10/07/2021 | Press release | Distributed by Public on 10/07/2021 01:35
For many companies, the journey to modern cloud applications starts with serverless. While these serverless services provide strong business benefits due to their flexible on-demand usage and pricing model, they also introduce new complexities for observability.
Amazon Web Services (AWS), offers a wide range of serverless solutions. To get a better understanding of AWS serverless, we'll first explore the basics of serverless architectures, review AWS serverless offerings, and explore common use cases. We will also discuss how you can ensure observability in serverless environments. Let's get started.
Serverless architecture shifts application hosting functions away from local servers onto those managed by providers. This means you no longer have to provision, scale, and maintain servers to run your applications, databases, and storage systems.
While function-as-a-service (FaaS) serverless architecture is similar to platform-as-a-service (PaaS) solutions, there's a significant difference: PaaS applications are typically deployed as single units, whereas serverless applications are broken down into functions, each of which is hosted by your provider.
Serverless architecture offers several benefits for enterprises.
Simplicity. The first benefit is simplicity. Instead of worrying about infrastructure management functions, such as capacity provisioning and hardware maintenance, teams can focus on application design, deployment, and delivery.
Speed. Speed is next; serverless solutions are quick to spin up or down as needed, and there are no delays due to limited storage or resource access.
Reliability. Serverless solutions are also more reliable than their traditional application counterparts. Since apps are hosted as interconnected functions in the cloud they're naturally redundant and less prone to unexpected failure.
Scalability. Finally, there's scalability. Using a FaaS model makes it possible to scale up individual application functions as needed rather than increase total resource allocation for your entire application, which helps reduce total resource costs and improve overall app efficiency.
Amazon divides its serverless solutions into three broad categories with 12 specific services. But which are the best fit for your business, and where do they make the most sense in your serverless application stack? Let's explore each in more detail.
Amazon compute solutions are designed to streamline resource provisioning and container management with two services:
Amazon's application integration services form the bulk of its serverless offerings with six solutions designed to streamline the interconnection of application functions.
As data volumes rapidly increase, streamlined data storage is a top priority. AWS offers four serverless offerings for storage.
While leveraging Amazon's suite of serverless services makes it possible to take on almost any IT task without increasing in-house complexity, it's worth examining four common use cases to explore how these services work in concert.
Serverless solutions from Amazon are often used to underpin critical application functions. By leveraging Lambda and the API Gateway for business logic - combined with DynamoDB for streamlined data store - organizations can create purpose-built, event-driven application back-ends that empower front-end functions.
By combining Lambda, S3, SQS, SNS, and DynamoDB, organizations can develop and deploy general-purpose, event-driven parallel processing architectures to deliver real-time file processing, analysis, and output.
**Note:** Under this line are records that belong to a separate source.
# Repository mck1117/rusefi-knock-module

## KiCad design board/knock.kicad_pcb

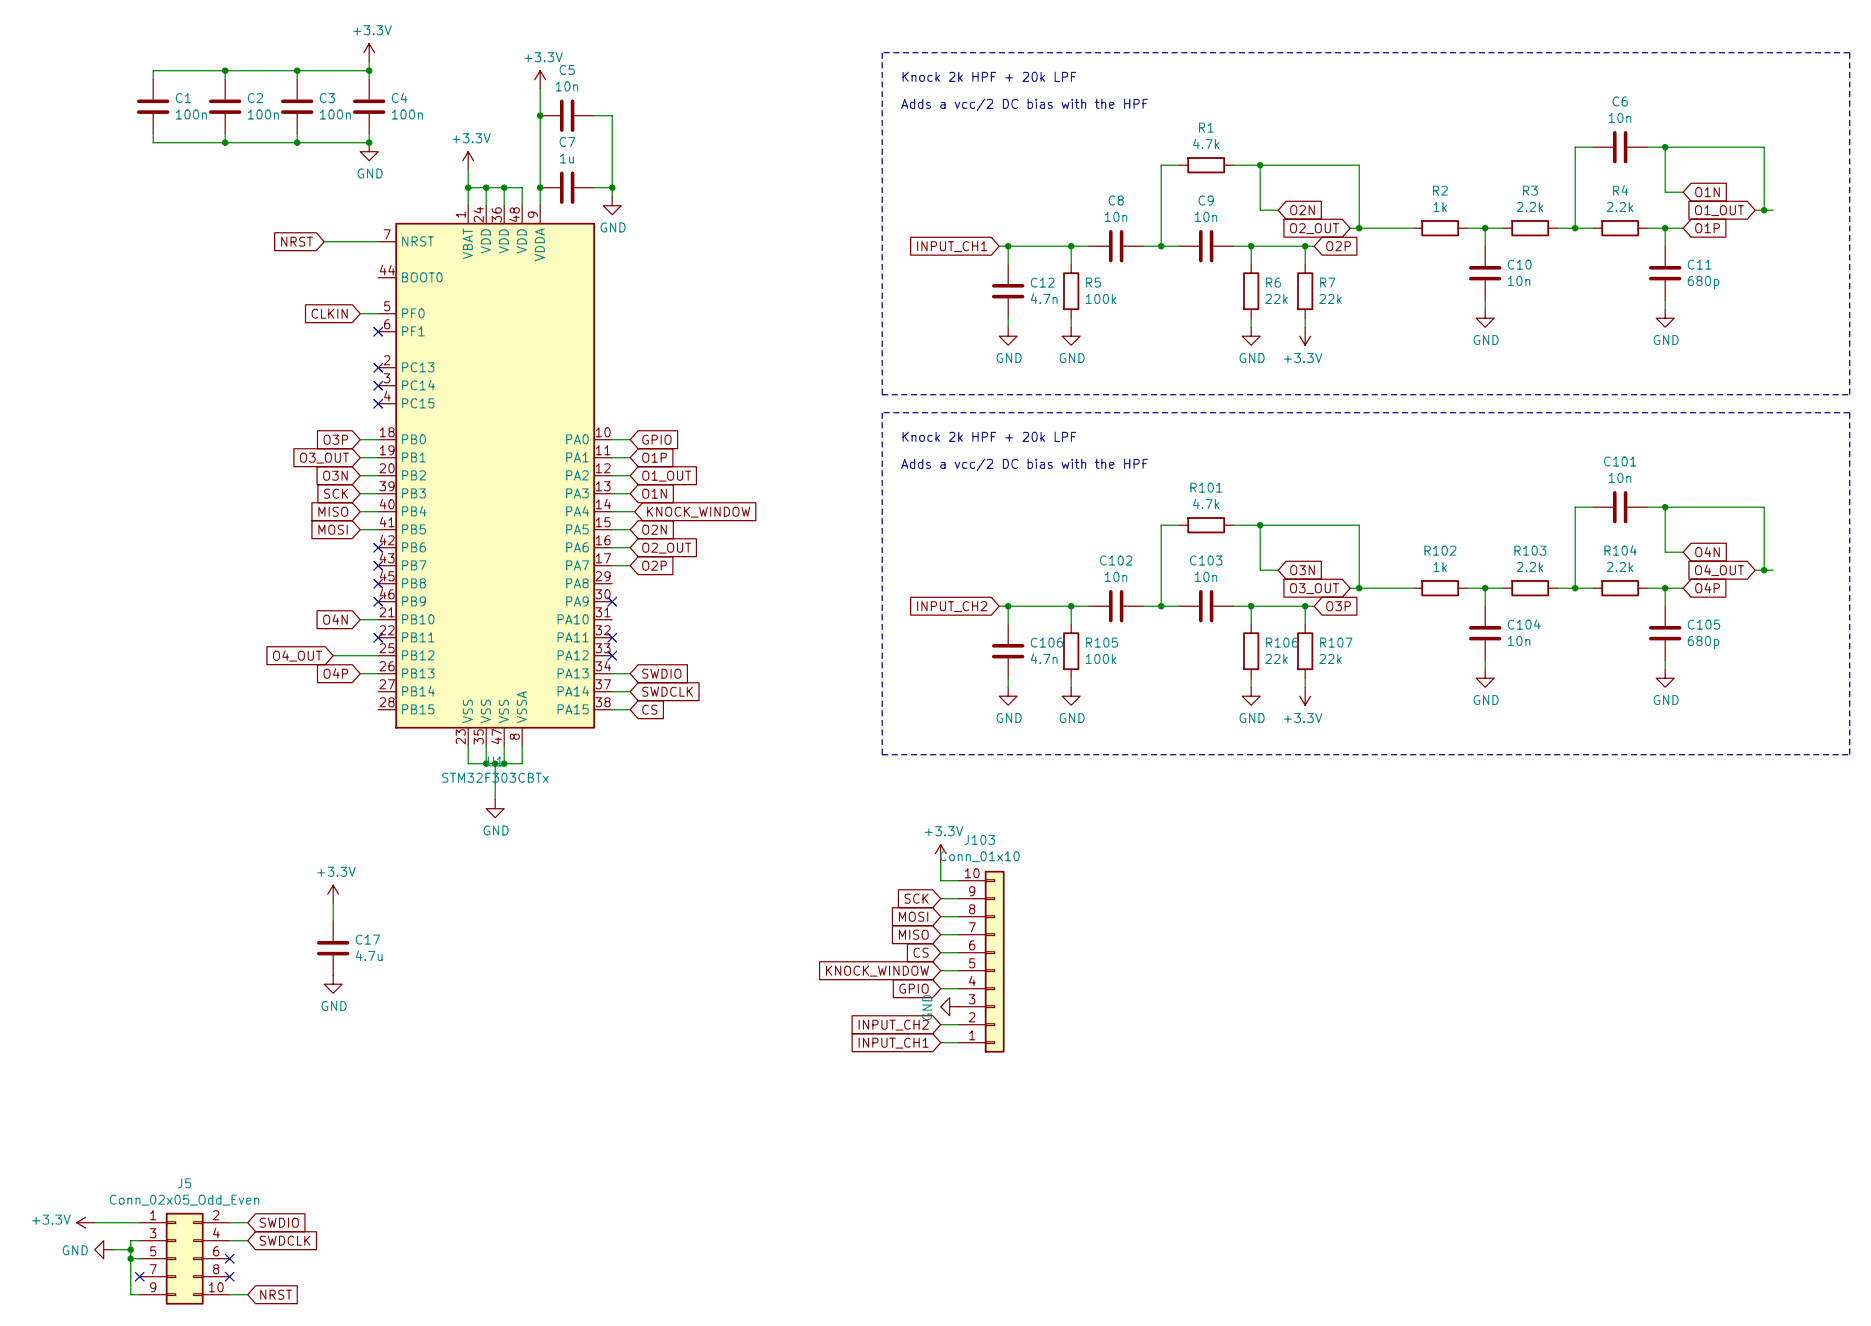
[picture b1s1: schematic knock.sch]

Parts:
C1, C2, C3, C4: 100n; C_0603_1608Metric
C5, C6, C8, C9, C10, C101, C102, C103, C104: 10n; C_0603_1608Metric
C7: 1u; C_0603_1608Metric
C11, C105: 680p; C_0603_1608Metric
C12, C106: 4.7n; C_0603_1608Metric
C17: 4.7u; C_0603_1608Metric
J5: Conn_02x05_Odd_Even; PinHeader_2x05_P1.27mm_Vertical
J103: Conn_01x10; Harwin_M20-89010xx_1x10_P2.54mm_Horizontal
R1, R101: 4.7k; R_0603_1608Metric
R2, R102: 1k; R_0603_1608Metric
R3, R4, R103, R104: 2.2k; R_0603_1608Metric
R5, R105: 100k; R_0603_1608Metric
R6, R7, R106, R107: 22k; R_0603_1608Metric
U1: STM32F303CBTx; LQFP-48_7x7mm_P0.5mm

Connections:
+3V3: C1.1, C2.1, C3.1, C4.1, C5.1, C7.1, C17.1, J5.1, J103.10, R7.2, R107.2, U1.1 (VBAT), U1.9 (VDDA), U1.24 (VDD), U1.36 (VDD), U1.48 (VDD)
CLKIN: U1.5 (PF0)
CS: J103.6, U1.38 (PA15)
GND: C1.2, C2.2, C3.2, C4.2, C5.2, C7.2, C10.1, C11.1, C12.2, C17.2, C104.1, C105.1, C106.2, J5.3, J5.5, J5.9, J103.3, R5.2, R6.2, R105.2, R106.2, U1.8 (VSSA), U1.23 (VSS), U1.35 (VSS), U1.47 (VSS)
GPIO: J103.4, U1.10 (PA0)
INPUT_CH1: C8.2, C12.1, J103.1, R5.1
INPUT_CH2: C102.2, C106.1, J103.2, R105.1
KNOCK_WINDOW: J103.5, U1.14 (PA4)
MISO: J103.7, U1.40 (PB4)
MOSI: J103.8, U1.41 (PB5)
NRST: J5.10, U1.7 (NRST)
unnamed: C6.1, R3.1, R4.2
unnamed: C8.1, C9.2, R1.2
unnamed: C10.2, R2.1, R3.2
unnamed: C101.1, R103.1, R104.2
unnamed: C102.1, C103.2, R101.2
unnamed: C104.2, R102.1, R103.2
O1N: C6.2, U1.12 (PA2), U1.13 (PA3)
O1P: C11.2, R4.1, U1.11 (PA1)
O2N: R1.1, R2.2, U1.15 (PA5), U1.16 (PA6)
O2P: C9.1, R6.1, R7.1, U1.17 (PA7)
O3N: R101.1, R102.2, U1.19 (PB1), U1.20 (PB2)
O3P: C103.1, R106.1, R107.1, U1.18 (PB0)
O4N: C101.2, U1.21 (PB10), U1.25 (PB12)
O4P: C105.2, R104.1, U1.26 (PB13)
SCK: J103.9, U1.39 (PB3)
SWDCLK: J5.4, U1.37 (PA14)
SWDIO: J5.2, U1.34 (PA13)

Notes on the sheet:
Knock 2k HPF + 20k LPF
Adds a vcc/2 DC bias with the HPF

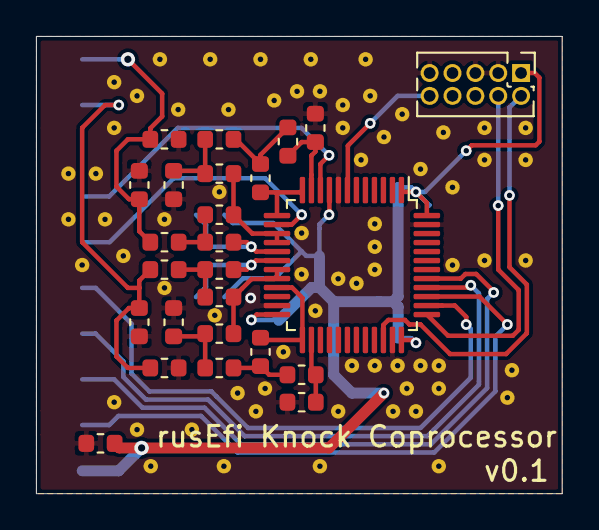
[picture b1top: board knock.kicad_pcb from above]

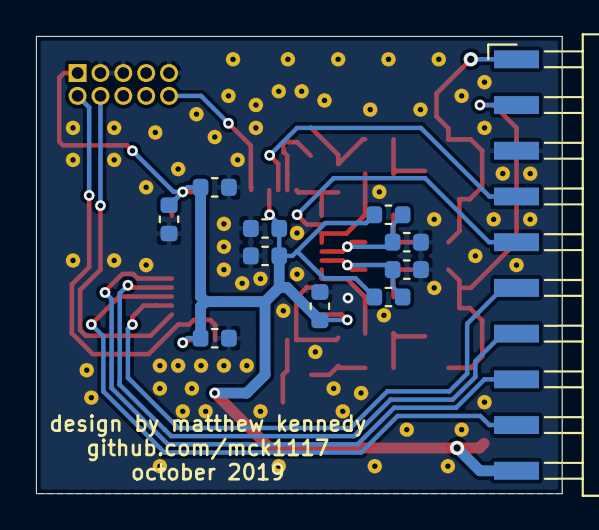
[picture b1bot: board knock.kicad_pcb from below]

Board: 2 copper layers, 29.2 x 25.4 mm, 36 parts (11 on the bottom side), 27 nets.

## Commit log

2020-02-11 ignore mac trash
2020-02-11 add board
2020-02-11 add chibi
2020-02-13 add contrib repo
2020-02-13 ignore more
2020-02-13 add fw stub
2020-02-13 casing
2020-02-13 modules fix maybe
2020-02-13 fix modules maybe
2020-02-13 bluh
2020-02-15 switch to hsi
2020-02-15 add board config
2020-02-15 init properly
2020-02-15 remove submodule
2020-02-15 add adc
2020-02-15 conf
2020-02-15 clock & adc config
2020-02-15 adc works
2020-02-15 didn't need that

Tools such as Lambda and SNS enable better batch processing, which makes it possible to quickly download, upload, and process files - and then automatically send notifications to IT teams.
By pairing Lambda and SQS with AWS machine learning services, such as Amazon Rekognition and Comprehend, organizations can create serverless document repositories that offer fast indexing and simplified search.
While AWS serverless solutions offer a solid framework for resource distribution, application management, and storage provision, the sheer number of interconnected solutions leveraged by enterprises to deliver on use case scenarios comes with its own challenge: observability.
Although individual Amazon services are typically transparent, once they become parts of a larger whole, it's easy for IT teams to lose track of what's happening. Services can span multiple cloud providers and connections, making it more difficult to discern where and when specific transactions happen, which increases overall complexity.
The Dynatrace Software Intelligence Platform provides seamless observability of AWS serverless services across the full hybrid-cloud stack and multicloud platforms. Dynatrace has partnered with Amazon to be part of the future AWS distro for OpenTelemetry deployments to deliver enhanced visibility across serverless stacks.
Dynatrace has also developed new extensions for Lambda and intelligent operations for both EKS and Fargate, which deliver automatic observability in context with the other services, hybrid-cloud resources, and cloud resources. In practice, Dynatrace's observability and AI-driven analysis of AWS serverless services in context with the full hybrid-cloud stack enable organizations to simplify cloud environments, streamline and optimize service architecture, and scale to meet evolving demands - without losing sight of critical operations.